> _YOUR ASSIGNMENT_
From the entries that follow, copy exactly the lines beginning at the line holding "#37=AXIS2_PLACEMENT_3D('',#34,#35,#36);" and continuing through the line holding "#55=CIRCLE('',#54,7.5);".

> _INPUT RECORDS_
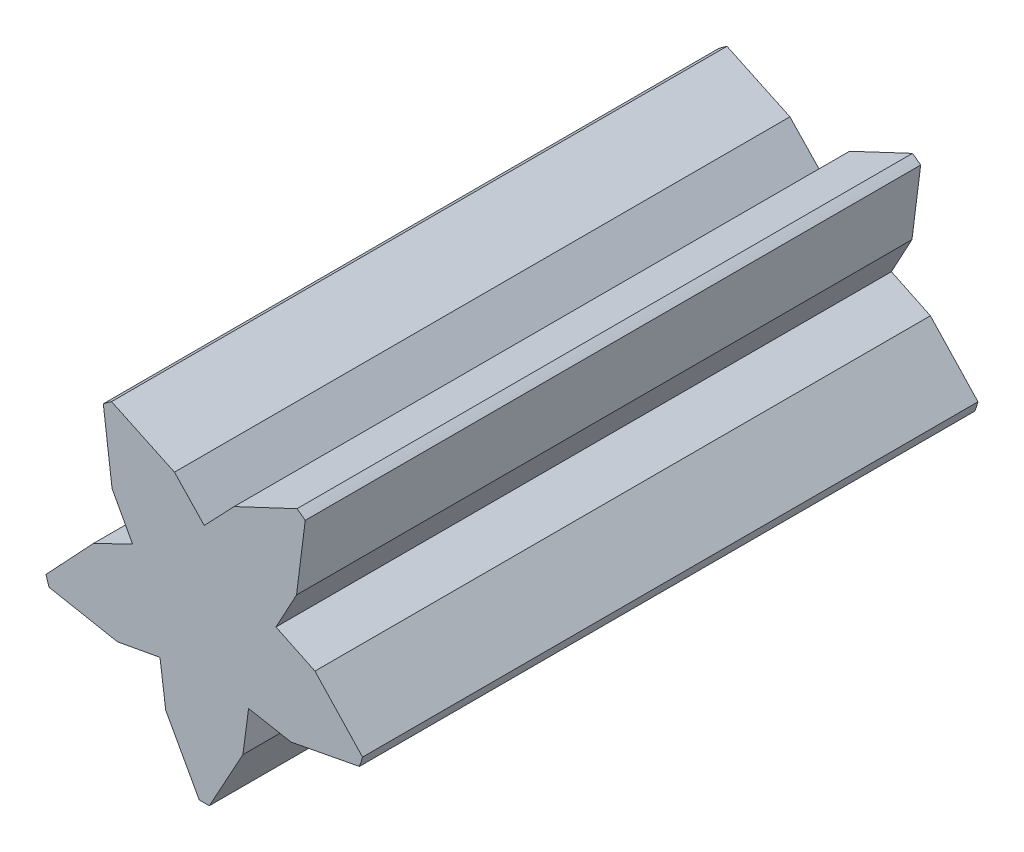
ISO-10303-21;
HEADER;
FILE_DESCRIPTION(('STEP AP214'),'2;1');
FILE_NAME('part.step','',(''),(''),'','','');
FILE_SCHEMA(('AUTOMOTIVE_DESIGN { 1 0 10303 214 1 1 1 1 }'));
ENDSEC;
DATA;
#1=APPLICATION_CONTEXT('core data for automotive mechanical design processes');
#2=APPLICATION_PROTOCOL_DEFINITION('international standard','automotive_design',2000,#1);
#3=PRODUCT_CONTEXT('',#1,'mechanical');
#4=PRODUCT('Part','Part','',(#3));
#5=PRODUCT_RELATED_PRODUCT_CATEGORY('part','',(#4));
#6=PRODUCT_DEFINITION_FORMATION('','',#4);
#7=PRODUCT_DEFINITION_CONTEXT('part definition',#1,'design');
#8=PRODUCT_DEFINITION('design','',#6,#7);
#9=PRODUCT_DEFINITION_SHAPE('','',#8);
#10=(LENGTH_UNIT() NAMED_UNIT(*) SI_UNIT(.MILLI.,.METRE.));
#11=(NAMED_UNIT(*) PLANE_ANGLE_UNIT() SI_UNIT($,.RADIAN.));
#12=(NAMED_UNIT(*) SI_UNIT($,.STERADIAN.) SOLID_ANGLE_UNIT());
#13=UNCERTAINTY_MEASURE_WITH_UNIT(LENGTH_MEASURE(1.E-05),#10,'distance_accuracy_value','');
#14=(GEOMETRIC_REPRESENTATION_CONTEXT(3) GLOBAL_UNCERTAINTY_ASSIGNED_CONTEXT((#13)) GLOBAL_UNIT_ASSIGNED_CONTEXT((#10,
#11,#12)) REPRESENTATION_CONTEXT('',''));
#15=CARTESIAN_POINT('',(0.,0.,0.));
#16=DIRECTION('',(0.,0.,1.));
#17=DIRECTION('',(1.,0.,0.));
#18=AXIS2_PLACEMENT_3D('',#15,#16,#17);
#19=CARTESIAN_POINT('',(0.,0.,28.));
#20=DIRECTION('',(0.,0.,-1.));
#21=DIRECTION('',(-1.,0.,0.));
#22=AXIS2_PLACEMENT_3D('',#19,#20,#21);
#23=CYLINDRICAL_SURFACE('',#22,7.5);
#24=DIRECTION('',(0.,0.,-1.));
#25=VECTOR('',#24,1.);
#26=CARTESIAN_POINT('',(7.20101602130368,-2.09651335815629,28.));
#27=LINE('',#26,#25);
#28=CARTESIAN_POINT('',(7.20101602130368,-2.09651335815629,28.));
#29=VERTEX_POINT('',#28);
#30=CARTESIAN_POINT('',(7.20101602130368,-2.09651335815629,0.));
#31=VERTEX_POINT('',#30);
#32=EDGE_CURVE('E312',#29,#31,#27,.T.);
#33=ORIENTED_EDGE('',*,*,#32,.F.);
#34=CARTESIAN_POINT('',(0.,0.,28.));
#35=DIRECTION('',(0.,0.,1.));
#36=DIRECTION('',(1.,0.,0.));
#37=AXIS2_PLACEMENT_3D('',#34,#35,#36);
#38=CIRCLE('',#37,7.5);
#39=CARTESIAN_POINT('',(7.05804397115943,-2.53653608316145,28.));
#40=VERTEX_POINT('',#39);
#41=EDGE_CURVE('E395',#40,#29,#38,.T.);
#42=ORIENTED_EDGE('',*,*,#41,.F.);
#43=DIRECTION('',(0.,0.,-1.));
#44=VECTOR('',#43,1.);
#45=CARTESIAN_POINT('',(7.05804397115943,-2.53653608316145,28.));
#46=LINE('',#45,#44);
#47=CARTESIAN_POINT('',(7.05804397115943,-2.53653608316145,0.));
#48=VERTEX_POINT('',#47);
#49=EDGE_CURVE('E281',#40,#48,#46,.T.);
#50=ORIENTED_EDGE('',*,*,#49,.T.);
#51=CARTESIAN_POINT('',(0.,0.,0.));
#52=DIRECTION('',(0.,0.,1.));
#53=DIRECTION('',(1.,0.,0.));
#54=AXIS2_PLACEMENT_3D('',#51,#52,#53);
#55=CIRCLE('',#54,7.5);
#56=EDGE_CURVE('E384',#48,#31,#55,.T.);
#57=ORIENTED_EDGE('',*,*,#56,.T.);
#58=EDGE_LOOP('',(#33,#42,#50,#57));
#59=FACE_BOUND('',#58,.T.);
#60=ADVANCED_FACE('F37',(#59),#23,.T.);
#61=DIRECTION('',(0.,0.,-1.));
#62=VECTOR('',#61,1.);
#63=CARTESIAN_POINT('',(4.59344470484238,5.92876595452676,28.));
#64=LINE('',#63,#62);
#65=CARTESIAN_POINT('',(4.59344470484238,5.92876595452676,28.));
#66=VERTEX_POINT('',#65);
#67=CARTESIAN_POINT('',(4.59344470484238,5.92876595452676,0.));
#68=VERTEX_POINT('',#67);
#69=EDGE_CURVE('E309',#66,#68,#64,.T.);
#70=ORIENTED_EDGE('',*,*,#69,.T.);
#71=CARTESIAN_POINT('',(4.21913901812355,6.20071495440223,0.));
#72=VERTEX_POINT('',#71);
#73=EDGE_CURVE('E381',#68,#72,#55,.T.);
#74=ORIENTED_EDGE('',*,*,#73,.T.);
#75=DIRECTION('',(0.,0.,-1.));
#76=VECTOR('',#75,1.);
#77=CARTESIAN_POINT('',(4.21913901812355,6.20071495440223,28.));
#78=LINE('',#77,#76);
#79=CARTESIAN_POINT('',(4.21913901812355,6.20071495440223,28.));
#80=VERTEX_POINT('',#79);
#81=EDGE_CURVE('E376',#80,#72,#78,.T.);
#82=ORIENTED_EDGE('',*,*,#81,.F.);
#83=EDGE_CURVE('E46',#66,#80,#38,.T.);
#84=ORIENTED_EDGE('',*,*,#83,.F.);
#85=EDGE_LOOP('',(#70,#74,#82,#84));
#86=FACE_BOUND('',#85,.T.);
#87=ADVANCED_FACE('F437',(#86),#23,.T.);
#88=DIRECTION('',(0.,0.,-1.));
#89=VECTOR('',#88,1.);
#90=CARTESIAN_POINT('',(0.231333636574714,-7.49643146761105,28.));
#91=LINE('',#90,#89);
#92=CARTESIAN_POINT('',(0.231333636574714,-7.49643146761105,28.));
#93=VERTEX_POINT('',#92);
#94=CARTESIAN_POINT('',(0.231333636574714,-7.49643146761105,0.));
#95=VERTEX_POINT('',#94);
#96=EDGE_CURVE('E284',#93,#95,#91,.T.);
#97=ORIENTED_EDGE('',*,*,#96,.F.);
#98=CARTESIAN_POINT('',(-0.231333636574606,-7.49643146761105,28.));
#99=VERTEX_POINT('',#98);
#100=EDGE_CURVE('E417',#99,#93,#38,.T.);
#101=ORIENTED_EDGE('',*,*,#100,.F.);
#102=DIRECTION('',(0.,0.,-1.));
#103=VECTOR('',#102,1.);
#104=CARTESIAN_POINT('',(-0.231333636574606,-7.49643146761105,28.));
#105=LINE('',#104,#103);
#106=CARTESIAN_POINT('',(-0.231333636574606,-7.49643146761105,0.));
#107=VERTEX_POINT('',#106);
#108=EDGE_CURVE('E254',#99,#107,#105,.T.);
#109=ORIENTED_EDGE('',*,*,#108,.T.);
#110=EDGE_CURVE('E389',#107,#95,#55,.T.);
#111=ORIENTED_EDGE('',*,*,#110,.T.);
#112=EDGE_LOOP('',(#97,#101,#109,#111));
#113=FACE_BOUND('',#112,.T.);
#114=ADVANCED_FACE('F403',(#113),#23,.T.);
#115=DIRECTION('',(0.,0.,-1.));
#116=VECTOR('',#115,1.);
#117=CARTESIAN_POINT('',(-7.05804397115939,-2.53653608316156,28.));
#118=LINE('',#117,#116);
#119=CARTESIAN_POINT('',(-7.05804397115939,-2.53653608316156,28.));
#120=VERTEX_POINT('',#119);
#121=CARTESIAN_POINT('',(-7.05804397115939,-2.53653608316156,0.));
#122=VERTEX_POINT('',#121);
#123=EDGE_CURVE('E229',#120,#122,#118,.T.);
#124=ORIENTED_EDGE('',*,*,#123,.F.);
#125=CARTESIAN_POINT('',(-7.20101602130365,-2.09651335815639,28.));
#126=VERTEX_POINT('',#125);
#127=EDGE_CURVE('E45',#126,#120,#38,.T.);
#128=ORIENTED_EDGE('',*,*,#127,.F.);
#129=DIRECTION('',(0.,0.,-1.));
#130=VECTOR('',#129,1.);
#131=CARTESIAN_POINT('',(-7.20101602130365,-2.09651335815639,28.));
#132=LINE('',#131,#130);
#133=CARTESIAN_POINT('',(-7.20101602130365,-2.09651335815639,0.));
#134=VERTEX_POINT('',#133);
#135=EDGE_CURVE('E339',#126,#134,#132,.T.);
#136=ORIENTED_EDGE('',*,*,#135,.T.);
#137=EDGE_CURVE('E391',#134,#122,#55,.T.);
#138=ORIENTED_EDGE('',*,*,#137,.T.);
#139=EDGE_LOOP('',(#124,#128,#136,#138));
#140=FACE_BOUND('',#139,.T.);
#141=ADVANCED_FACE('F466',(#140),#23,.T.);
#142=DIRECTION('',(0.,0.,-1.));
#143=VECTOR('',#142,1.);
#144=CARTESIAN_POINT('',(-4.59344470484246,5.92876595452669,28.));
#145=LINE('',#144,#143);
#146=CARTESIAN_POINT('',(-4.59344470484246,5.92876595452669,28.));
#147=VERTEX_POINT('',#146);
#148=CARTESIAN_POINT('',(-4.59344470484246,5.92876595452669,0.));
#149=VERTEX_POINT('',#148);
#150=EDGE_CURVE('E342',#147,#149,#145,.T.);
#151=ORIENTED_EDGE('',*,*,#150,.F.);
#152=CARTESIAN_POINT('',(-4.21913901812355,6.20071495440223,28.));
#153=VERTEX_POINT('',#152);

> _OUTPUT_
#37=AXIS2_PLACEMENT_3D('',#34,#35,#36);
#38=CIRCLE('',#37,7.5);
#39=CARTESIAN_POINT('',(7.05804397115943,-2.53653608316145,28.));
#40=VERTEX_POINT('',#39);
#41=EDGE_CURVE('E395',#40,#29,#38,.T.);
#42=ORIENTED_EDGE('',*,*,#41,.F.);
#43=DIRECTION('',(0.,0.,-1.));
#44=VECTOR('',#43,1.);
#45=CARTESIAN_POINT('',(7.05804397115943,-2.53653608316145,28.));
#46=LINE('',#45,#44);
#47=CARTESIAN_POINT('',(7.05804397115943,-2.53653608316145,0.));
#48=VERTEX_POINT('',#47);
#49=EDGE_CURVE('E281',#40,#48,#46,.T.);
#50=ORIENTED_EDGE('',*,*,#49,.T.);
#51=CARTESIAN_POINT('',(0.,0.,0.));
#52=DIRECTION('',(0.,0.,1.));
#53=DIRECTION('',(1.,0.,0.));
#54=AXIS2_PLACEMENT_3D('',#51,#52,#53);
#55=CIRCLE('',#54,7.5);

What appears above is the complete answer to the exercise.